## Task statement
Only the pictures are to be dropped; return all other data below exactly.

----

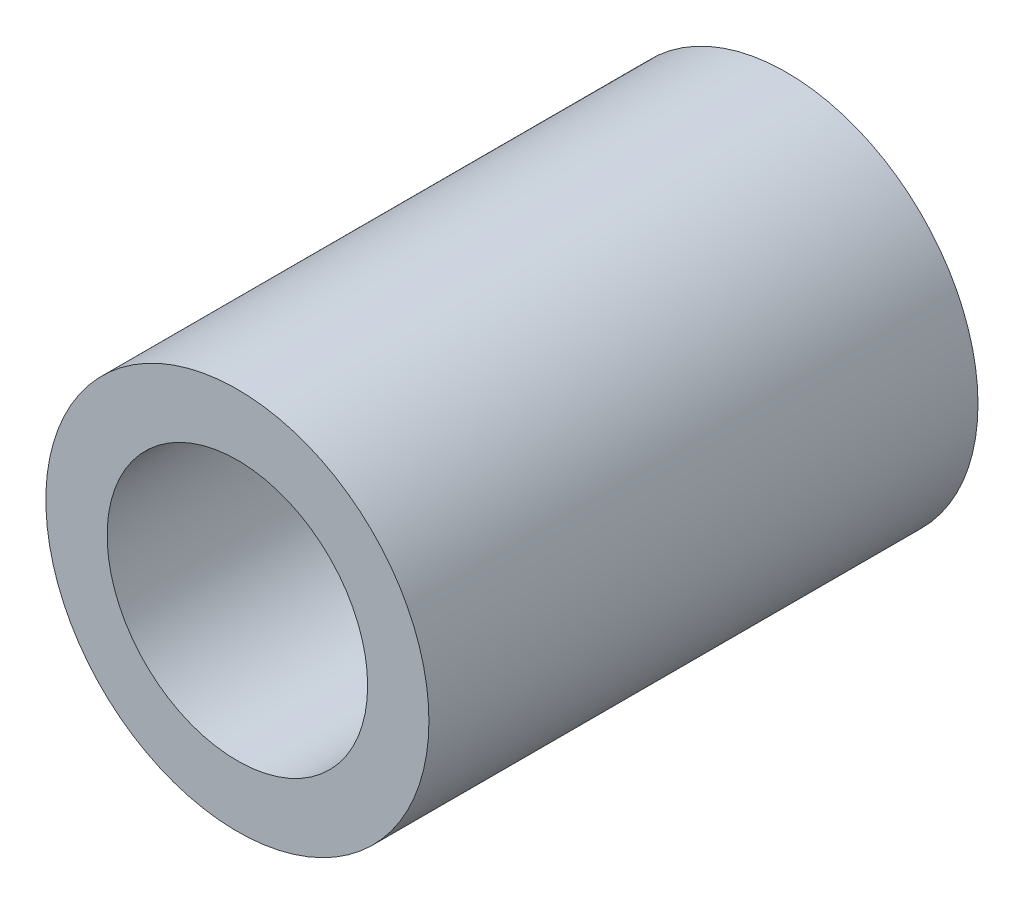
SolidWorks part; units mm, degrees
ref_plane "前视基准面" through (0, 0, 0) normal (0, 0, 1) x (1, 0, 0)
ref_plane "上视基准面" through (0, 0, 0) normal (0, 1, 0) x (1, 0, 0)
ref_plane "右视基准面" through (0, 0, 0) normal (1, 0, 0) x (0, 0, -1)
sketch "草图1" plane through (0, 0, 0) normal (0, 0, 1) x (1, 0, 0)
  circle A0 centre (0, 0) radius 5.1
  circle A1 centre (0, 0) radius 7.5
  dimension "D1" = 10.2
  dimension "D2" = 15
extrude "凸台-拉伸1" add sketch "草图1" along normal blind 21.5
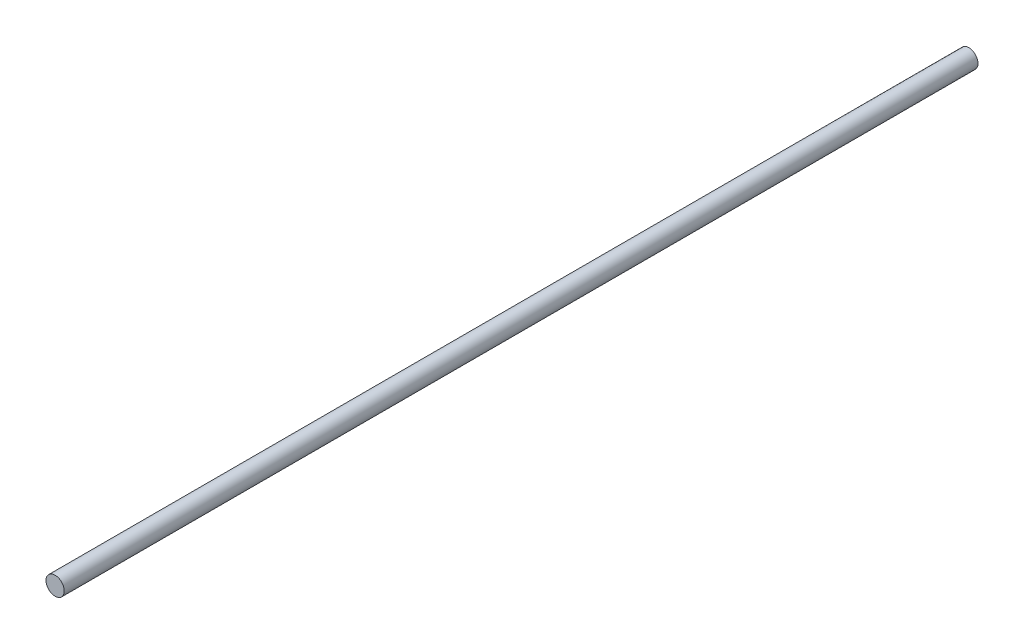
SolidWorks part; units mm, degrees
material "Stainless Steel (ferritic)"
ref_plane "Ön Düzlem" through (0, 0, 0) normal (0, 0, 1) x (1, 0, 0)
ref_plane "Üst Düzlem" through (0, 0, 0) normal (0, 1, 0) x (1, 0, 0)
ref_plane "Sağ Düzlem" through (0, 0, 0) normal (1, 0, 0) x (0, 0, -1)
sketch "Çizim1" plane through (0, 0, 0) normal (0, 0, 1) x (1, 0, 0)
  circle A0 centre (0, 0) radius 4
  dimension "D1" = 8
extrude "Yükseklik-Ekstrüzyon1" add sketch "Çizim1" along normal blind 400
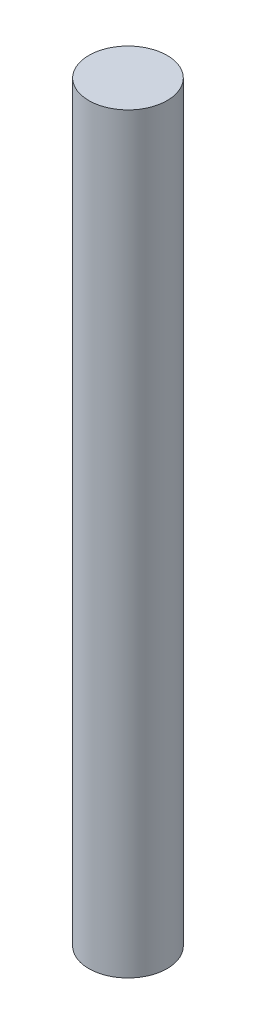
SolidWorks part; units mm, degrees
ref_plane "Front Plane" through (0, 0, 0) normal (0, 0, 1) x (1, 0, 0)
ref_plane "Top Plane" through (0, 0, 0) normal (0, 1, 0) x (1, 0, 0)
ref_plane "Right Plane" through (0, 0, 0) normal (1, 0, 0) x (0, 0, -1)
sketch "Sketch1" plane through (0, 0, 0) normal (0, 1, 0) x (1, 0, 0)
  circle A0 centre (0, 0) radius 12.5
  dimension "D1" = 25
extrude "Boss-Extrude1" add sketch "Sketch1" along normal blind 240
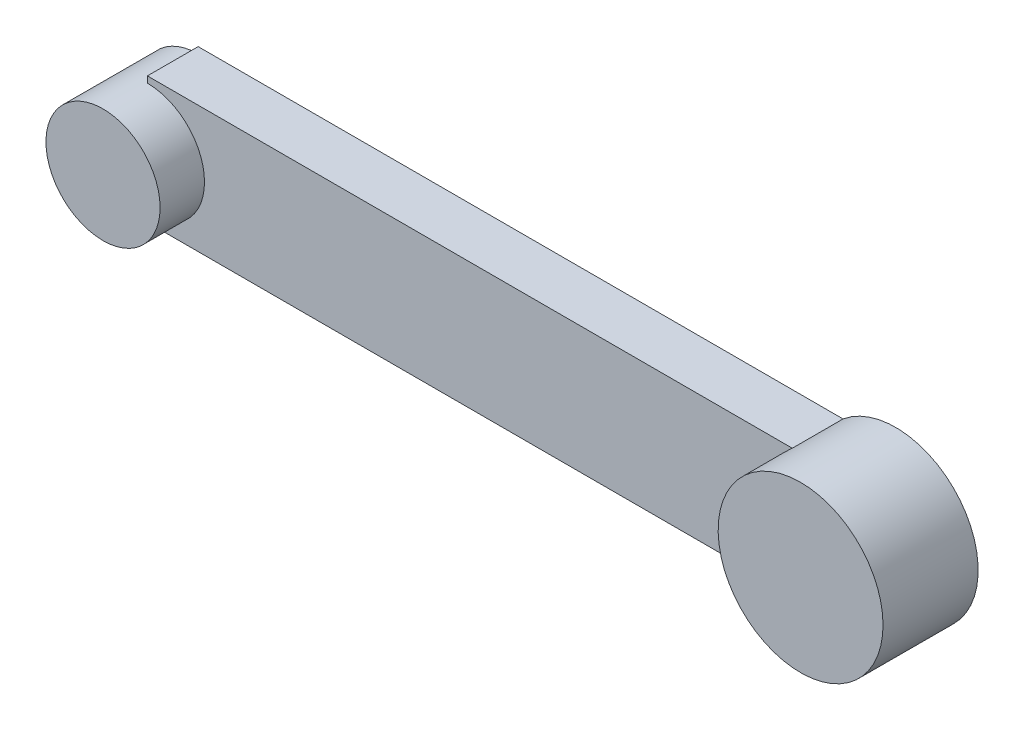
SolidWorks part; units mm, degrees
ref_plane "前视基准面" through (0, 0, 0) normal (0, 0, 1) x (1, 0, 0)
ref_plane "上视基准面" through (0, 0, 0) normal (0, 1, 0) x (1, 0, 0)
ref_plane "右视基准面" through (0, 0, 0) normal (1, 0, 0) x (0, 0, -1)
other "Configuration Table"
sketch "草图1" plane through (0, 0, 0) normal (0, 0, 1) x (1, 0, 0)
  line L1 (0, 105000) -> (110000, 105000)
  line L2 (0, 105000) -> (0, 125000)
  line L3 (0, 125000) -> (110000, 125000)
  line L4 (110000, 105000) -> (110000, 125000)
extrude "凸台-拉伸1" add sketch "草图1" along normal blind 8000
sketch "草图2" plane through (0, 0, 0) normal (0, 0, 1) x (1, 0, 0)
  line L0 (0, 125000) -> (0, 105000) construction
  circle A0 centre (0, 115000) radius 9000
extrude "凸台-拉伸2" add sketch "草图2" along normal blind 15000
sketch "草图3" plane through (0, 0, 0) normal (0, 0, 1) x (1, 0, 0)
  line L0 (110000, 105000) -> (110000, 125000) construction
  circle A0 centre (110000, 115000) radius 13000
extrude "凸台-拉伸3" add sketch "草图3" along normal blind 15000

----

## Result for this exercise
SolidWorks part; units mm, degrees
ref_plane "前视基准面" through (0, 0, 0) normal (0, 0, 1) x (1, 0, 0)
ref_plane "上视基准面" through (0, 0, 0) normal (0, 1, 0) x (1, 0, 0)
ref_plane "右视基准面" through (0, 0, 0) normal (1, 0, 0) x (0, 0, -1)
sketch "草图1" plane through (0, 0, 0) normal (0, 0, 1) x (1, 0, 0)
  circle A0 centre (0, 0) radius 5.1
  circle A1 centre (0, 0) radius 7.5
  dimension "D1" = 10.2
  dimension "D2" = 15
extrude "凸台-拉伸1" add sketch "草图1" along normal blind 21.5
SolidWorks part; units mm, degrees
material "Stainless Steel (ferritic)"
ref_plane "Ön Düzlem" through (0, 0, 0) normal (0, 0, 1) x (1, 0, 0)
ref_plane "Üst Düzlem" through (0, 0, 0) normal (0, 1, 0) x (1, 0, 0)
ref_plane "Sağ Düzlem" through (0, 0, 0) normal (1, 0, 0) x (0, 0, -1)
sketch "Çizim1" plane through (0, 0, 0) normal (0, 0, 1) x (1, 0, 0)
  circle A0 centre (0, 0) radius 4
  dimension "D1" = 8
extrude "Yükseklik-Ekstrüzyon1" add sketch "Çizim1" along normal blind 400
SolidWorks part; units mm, degrees
ref_plane "Front Plane" through (0, 0, 0) normal (0, 0, 1) x (1, 0, 0)
ref_plane "Top Plane" through (0, 0, 0) normal (0, 1, 0) x (1, 0, 0)
ref_plane "Right Plane" through (0, 0, 0) normal (1, 0, 0) x (0, 0, -1)
sketch "Sketch1" plane through (0, 0, 0) normal (0, 1, 0) x (1, 0, 0)
  circle A0 centre (0, 0) radius 12.5
  dimension "D1" = 25
extrude "Boss-Extrude1" add sketch "Sketch1" along normal blind 240
SolidWorks part; units mm, degrees
ref_plane "前视基准面" through (0, 0, 0) normal (0, 0, 1) x (1, 0, 0)
ref_plane "上视基准面" through (0, 0, 0) normal (0, 1, 0) x (1, 0, 0)
ref_plane "右视基准面" through (0, 0, 0) normal (1, 0, 0) x (0, 0, -1)
other "Configuration Table"
sketch "草图1" plane through (0, 0, 0) normal (0, 0, 1) x (1, 0, 0)
  line L1 (0, 105000) -> (110000, 105000)
  line L2 (0, 105000) -> (0, 125000)
  line L3 (0, 125000) -> (110000, 125000)
  line L4 (110000, 105000) -> (110000, 125000)
extrude "凸台-拉伸1" add sketch "草图1" along normal blind 8000
sketch "草图2" plane through (0, 0, 0) normal (0, 0, 1) x (1, 0, 0)
  line L0 (0, 125000) -> (0, 105000) construction
  circle A0 centre (0, 115000) radius 9000
extrude "凸台-拉伸2" add sketch "草图2" along normal blind 15000
sketch "草图3" plane through (0, 0, 0) normal (0, 0, 1) x (1, 0, 0)
  line L0 (110000, 105000) -> (110000, 125000) construction
  circle A0 centre (110000, 115000) radius 13000
extrude "凸台-拉伸3" add sketch "草图3" along normal blind 15000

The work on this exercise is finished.